Plans for apartments along Sixth Street go to the Lawrence-Douglas County Planning Commission next week.
An open field near Sixth Street and Schwarz Road is targeted to become a new office-and-apartment complex.
Wednesday night, Lawrence-Douglas County planning commissioners will consider plans for building 108 apartments on a 7.2-acre site near the northeast corner of the intersection.
The area also could include professional offices and 24 more apartments on 2.4 acres along Sixth Street, but those plans are not yet ready for consideration.
The current apartment plans call for 250 parking spaces, a clubhouse, two swimming pools and two hot tubs next door to the existing Graystone Apartments & Townhouses, 2512 W. Sixth.
Access to the 13-building development, prepared by Gene Fritzel Construction and Paul Werner Architects, would be controlled by a gatehouse. Apartment buildings would include 32 one-bedroom units, 52 two-bedroom units and 24 three-bedroom units.
The vacant land, however, currently is limited to development of single-family homes. To follow through with plans for apartments, property owner Beryl L. Hobbs must secure rezonings for the entire 9.6 acres to allow for offices and apartments.
Both rezoning applications are up for approval Wednesday.
"There's justification to consider this as a legitimate use," said Phil Bradley, chair of the planning commission, who noted the nearby multifamily uses at Graystone.

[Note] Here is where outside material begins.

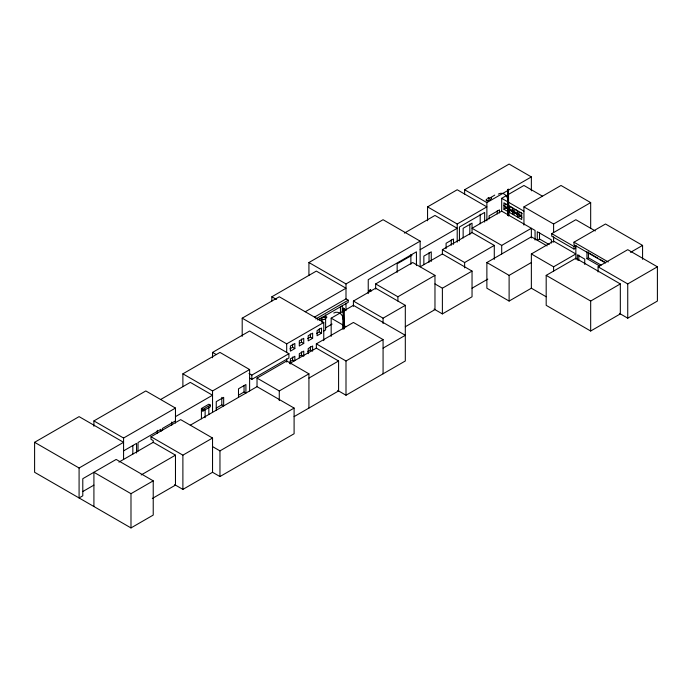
<?xml version="1.0" encoding="UTF-8"?>
<svg xmlns="http://www.w3.org/2000/svg" width="692" height="692" viewBox="0 0 692 692"><rect width="100%" height="100%" fill="white"/><g stroke="black" fill="none" stroke-linecap="round" stroke-linejoin="round"><path stroke-width="1.04" d="M343.163 329.124L343.595 308.251L344.201 328.882M507.755 211.795L507.928 189.452L507.539 215.247M507.746 214.451L508.205 189.297L508.862 215.247M342.99 328.882L343.197 308.658C344.408 307.931 343.327 309.627 343.396 308.295M508.006 189.34L508.205 189.928L508.395 189.34M508.672 216.034L508.482 189.53L507.919 189.53L508.473 189.452M368.412 291.081C368.611 292.128 370.704 290.182 368.637 291.773C369.381 290.242 369.173 289.836 368.507 291.998M368.715 291.228L370.557 289.879L370.869 291.609M368.637 291.773L369.346 291.176M486.995 198.976L486.069 199.884L486.398 200.784L487.955 200.974L490.464 199.53L491.51 198.111L491.026 197.834M491.095 197.35L491.268 197.808L491.095 197.35L494.771 195.083M308.926 275.373L308.926 262.527L383.074 219.719L420.139 241.127L420.139 266.809L442.387 253.964L472.039 271.091L472.039 296.773L442.387 313.9L434.048 309.082M271.861 301.055L271.861 296.773L316.339 271.091L346 288.209L305.224 311.755M427.561 206.882L457.213 189.755L486.874 206.882L457.213 224L427.561 206.882L427.561 220.791M242.2 336.373L242.2 318.173L279.274 296.773L323.761 322.455L323.761 340.646M464.626 194.037L464.626 189.755L509.113 164.073L531.361 176.918L531.361 190.828M34.6 442.309L79.087 416.627L123.574 442.309L79.087 468L34.6 442.309L34.6 472.281L130.987 527.927L153.226 515.082L153.226 480.836L116.161 459.436L82.789 478.7L82.789 495.818L79.087 497.963L79.087 468M404.387 233.1L434.974 215.446L457.213 228.282L420.139 249.682M93.913 426.263L93.913 420.909L145.813 390.945L175.474 408.072L175.474 423.054M212.539 357.773L212.539 352.418L249.613 331.018L288.91 353.707L288.91 357.989L251.836 379.389L249.613 378.1M182.887 386.664L182.887 373.827L219.961 352.418L249.613 369.545L249.613 390.945M488.102 197.999L489.287 198.024L488.708 198.82L488.102 197.999L489.287 198.024M488.102 198.466L489.287 198.483M498.361 194.097C502.868 191.286 508.101 195.853 507.841 200.689M308.926 262.527L346 283.928L420.139 241.127M464.626 189.755L486.874 202.6L531.361 176.918M535.063 240.055L535.063 230.427L501.7 211.164L501.7 198.319L523.939 185.473L542.476 196.182M160.639 399.509L190.3 382.382L212.539 395.227L175.474 416.627M411.991 255.253L397.156 263.816L397.156 272.371M503.923 205.593L507.634 207.738L507.634 204.953L503.923 202.817L503.923 205.593L506.146 204.313L508.006 205.386M314.488 317.109L346 298.909L348.223 300.198L348.223 302.335L317.637 319.998M503.923 209.235L507.634 211.371L507.634 208.595L503.923 206.45L503.923 209.235L506.146 207.955L508.006 209.019M375.661 289.066L375.661 283.928L412.726 262.527L434.974 275.373L434.974 309.618L405.313 326.736M501.7 211.164L472.039 228.282L501.7 245.409L531.361 228.282L531.361 237.918M315.786 318.925L348.223 300.198M508.369 208.162L512.452 210.515L512.452 207.738L508.369 205.386L508.369 208.162L510.601 206.882L513.04 208.292M323.493 316.962L324.678 316.979L324.107 317.775L323.493 316.962L324.678 316.979M323.493 317.42L324.678 317.438M353.413 306.4L353.413 301.055L375.661 288.209L405.313 305.336L405.313 360.982L346 395.227L337.661 390.409M442.387 253.964L442.387 249.682L472.039 232.564L494.287 245.409L494.287 259.318M508.369 211.804L512.452 214.157L512.452 211.371L508.369 209.019L508.369 211.804L510.601 210.515L513.04 211.934M333.752 313.052C338.258 310.25 343.492 314.808 343.232 319.652M513.196 210.948L517.27 213.3L517.27 210.515L513.196 208.162L513.196 210.948L515.419 209.659L517.045 210.602M93.913 420.909L123.574 438.036L175.474 408.072M242.2 318.173L286.687 343.863L323.761 322.455M331.174 336.373L331.174 318.173L353.413 305.336L405.313 335.3L383.074 348.137M523.939 225.073L523.939 206.882L561.013 185.473L590.674 202.6L590.674 228.282M513.196 214.589L517.27 216.942L517.27 214.157L513.196 211.804L513.196 214.589L515.419 213.3L517.045 214.243M518.014 213.733L521.716 215.869L521.716 213.084L518.014 210.948L518.014 213.733L520.237 212.444L522.088 213.517M182.887 373.827L212.539 390.945L249.613 369.545M325.612 327.809L332.099 324.064M289.948 348.829L292.621 347.28L294.844 348.569L294.844 343.431L290.389 346L290.389 351.138L294.844 348.569M299.731 343.171L301.513 342.151L303.736 343.431L303.736 338.293L299.29 340.862L299.29 346L303.736 343.431M307.741 338.552L310.414 337.013L312.637 338.293L312.637 333.155L308.191 335.724L308.191 340.862L312.637 338.293M316.642 333.414L319.306 331.875L321.529 333.155L321.529 328.025L317.083 330.586L317.083 335.724L321.529 333.155M518.014 217.366L521.716 219.511L521.716 216.726L518.014 214.589L518.014 217.366L520.237 216.086L522.088 217.158M323.761 331.018L325.612 329.946L325.612 314.964M249.033 373.49L251.836 375.107L288.91 353.707M123.574 450.873L136.549 443.382L136.549 453.018M175.474 420.909L162.499 428.4L162.499 430.545M153.226 442.716L153.226 440.605L151.003 439.316L151.003 436.747L180.664 419.629L212.539 438.036L212.539 472.281L182.887 489.4L174.548 484.582M201.424 418.772L201.424 408.496L208.837 404.214L210.316 405.071L210.316 406.784L202.903 411.065L201.424 410.209M201.424 408.496L202.903 409.353L210.316 405.071M190.3 425.191L257.026 386.664L257.026 378.1L286.687 360.982L308.926 373.827L308.926 408.072M289.464 363.655L316.339 348.137L316.339 343.863L353.413 322.455L383.074 339.582L383.074 373.827M375.661 283.928L397.9 296.773L434.974 275.373M289.948 361.665L292.621 360.125L294.1 360.982M299.731 356.017L301.513 354.987L303.001 355.844M307.741 351.398L310.414 349.849L312.637 351.138M118.938 462.109L153.226 442.309L175.474 455.154L175.474 485.118L152.301 498.499M442.387 249.682L464.626 262.527L494.287 245.409M216.25 408.072L221.812 404.855L223.663 405.927L223.663 397.364L216.25 401.645L216.25 410.209M238.489 395.227L244.051 392.018L245.911 393.091L245.911 384.527L238.489 388.809L238.489 397.364M82.789 491.545L93.913 485.118M353.413 301.055L383.074 318.173L405.313 305.336M434.974 283.928L442.387 288.209L472.039 271.091M546.187 296.773L531.361 288.209L509.113 301.055L486.874 288.209L486.874 262.527L531.361 236.846L547.112 245.937M523.939 206.882L553.6 224L590.674 202.6M549.197 244.579L539.509 238.982L537.286 240.271L537.286 231.708L551.377 239.839L551.377 243.048M257.026 378.1L279.274 390.945L308.926 373.827M575.839 247.978L573.988 249.042L551.749 236.206L551.749 233.637L575.839 219.719L595.302 230.955M141.177 474.954L175.474 455.154M308.926 378.1L338.587 360.982L338.587 390.945L294.1 416.627M151.003 436.747L182.887 455.154L212.539 438.036M316.339 343.863L346 360.982L383.074 339.582M472.039 288.209L487.799 279.118M531.361 253.964L553.6 241.127L575.839 253.964L553.6 266.809L531.361 253.964L531.361 288.209M93.913 506.527L93.913 472.281L130.987 493.681L153.226 480.836M486.874 262.527L509.113 275.373L531.361 262.527M605.5 262.96L573.988 244.76L573.988 242.191L605.5 224L642.574 245.409L642.574 259.318M212.539 446.591L219.961 450.873L294.1 408.072L294.1 433.754L219.961 476.554L212.539 472.281M551.749 233.637L573.988 246.473L575.839 245.409M546.187 275.373L575.839 258.246L620.326 283.928L620.326 313.9L590.674 331.018L546.187 305.336L546.187 275.373L590.674 301.055L620.326 283.928M586.963 251.827L586.963 258.678L588.451 257.822L601.132 265.148M598.087 271.947L598.087 266.809L627.739 249.682L657.4 266.809L657.4 301.055L627.739 318.173L619.401 313.364M630.524 252.364L642.574 245.409M598.087 266.809L627.739 283.928L657.4 266.809M370.696 289.939L370.246 290.372M370.185 290.727L370.635 290.796L370.557 289.879M370.116 290.13L370.635 290.796M370.263 290.182L369.502 290.432L369.96 290.19M370.03 290.796L369.407 291.315M370.324 290.787L369.545 290.865L370.004 290.986M489.209 200.248L486.779 200.568L486.545 199.927M343.31 308.494L343.872 308.494L344.019 328.631M323.276 319.652L322.169 319.522L321.944 318.891M501.7 198.319L523.939 211.164M573.988 242.191L608.277 261.991M587.871 252.346L597.836 258.107M599.653 259.154L605.085 262.294M586.963 258.678L599.653 265.996M331.174 318.173L346 326.736M326.416 316.789L326.909 317.074L324.929 319.401L321.789 319.747L321.46 318.839M271.861 296.773L276.489 299.446M316.339 348.137L338.587 360.982M212.539 352.418L216.285 354.581M257.026 386.664L294.1 408.072M343.786 308.295L343.872 308.814M627.739 283.928L627.739 318.173M590.674 301.055L590.674 331.018M588.451 251.949L588.451 257.822M584.74 264.456L584.74 259.102L577.327 254.82L577.327 260.175M578.806 255.037L578.806 260.391M575.839 245.798L575.839 259.318M573.988 246.473L573.988 249.042M553.6 224L553.6 232.564M553.6 236.846L553.6 242.191M553.6 266.809L553.6 271.091M539.509 232.564L539.509 238.982M509.113 275.373L509.113 301.055M508.205 189.297L508.205 215.627M501.7 245.409L501.7 253.964M499.477 212.946L499.477 209.875L489.097 215.869L489.097 218.94M497.254 210.731L497.254 213.94M488.673 197.67L488.673 198.128M488.708 198.353L488.708 198.82M486.874 202.6L486.874 220.791M484.651 222.08L484.651 212.444L459.436 227.002L459.436 240.911M480.196 214.157L480.196 223.793M472.039 232.78L472.039 223.144L463.147 228.282L463.147 237.918M469.816 224L469.816 234.7M464.626 262.527L464.626 267.882M457.213 224L457.213 242.191M453.511 244.337L453.511 238.982L446.089 243.264L446.089 248.618M451.279 239.839L451.279 245.193M442.387 288.209L442.387 313.9M431.263 261.455L431.263 251.827L423.85 256.109L423.85 264.673M429.04 252.684L429.04 262.311M416.437 265.616L416.437 251.827L368.239 279.654L368.239 293.564M410.875 254.613L410.875 264.24M397.9 296.773L397.9 301.055M383.074 318.173L383.074 323.527M346 283.928L346 298.909M346 303.191L346 310.682M346 360.982L346 395.227M343.595 308.251L343.595 328.536M342.289 305.336L342.289 311.755M340.438 306.4L340.438 312.827M324.072 316.625L324.072 317.083M324.107 317.308L324.107 317.775M321.901 317.109L321.901 322.455M320.05 318.173L320.05 320.318M319.306 328.795L319.306 331.875M312.637 350.109L312.637 346L308.191 348.569L308.191 353.707M310.414 333.925L310.414 337.013M310.414 346.77L310.414 349.849M303.736 356.276L303.736 351.138L299.29 353.707L299.29 357.816M301.513 339.063L301.513 342.151M301.513 351.908L301.513 354.987M294.844 360.385L294.844 356.276L290.389 358.845L290.389 363.975M292.621 344.201L292.621 347.28M292.621 357.046L292.621 360.125M286.687 343.863L286.687 352.418M286.687 358.845L286.687 362.054M279.274 390.945L279.274 400.582M251.836 375.107L251.836 379.389M244.051 385.6L244.051 392.018M221.812 397.364L221.812 404.855M219.961 450.873L219.961 476.554M212.539 390.945L212.539 412.345M208.837 407L208.837 414.491M205.126 409.136L205.126 417.7M202.903 409.353L202.903 411.065M182.887 455.154L182.887 489.4M171.763 421.982L171.763 425.191M161.011 431.401L161.011 429.256L138.028 442.525L138.028 451.089M157.309 430.329L157.309 433.538M132.838 445.527L132.838 454.082M130.987 493.681L130.987 527.927M123.574 438.036L123.574 459.436M343.206 311.685L343.284 312.386L343.69 311.971L343.206 311.685M507.816 192.731L507.893 193.423L508.3 193.007L507.816 192.731M326.84 316.512L326.84 316.512"/></g></svg>

But neighbors to the west have objected to previous plans, which called for more apartments and higher densities, Bradley said.
Planning Commissioner Jean Milstead knows the concern. Fifteen years ago, she rented a duplex whose backyard opened onto the farmland, typically used for wheat.
"People take it for granted," she said. "They want it to stay that way forever."
Traffic also is a concern. Officials already have been grappling with development proposals further west on Sixth -- where apartments, offices and a new high school already have been approved.
And a 1/4-mile to the east, city officials plan to build a new community recreation center in Centennial Park.
A bottleneck in the making?
"Any development creates more traffic," Bradley said. "We try not to create problems."
Planning commissioners expect to discuss the apartment plans during their monthly meeting, which begins at 6:30 p.m. Wednesday at city hall, Sixth and Massachusetts. Any business left unfinished during Wednesday's meeting would be rescheduled for a special meeting Oct. 4.
The planning commission's decision, in the form of a recommendation, would be forwarded to the Lawrence City Commission for final approval or rejection.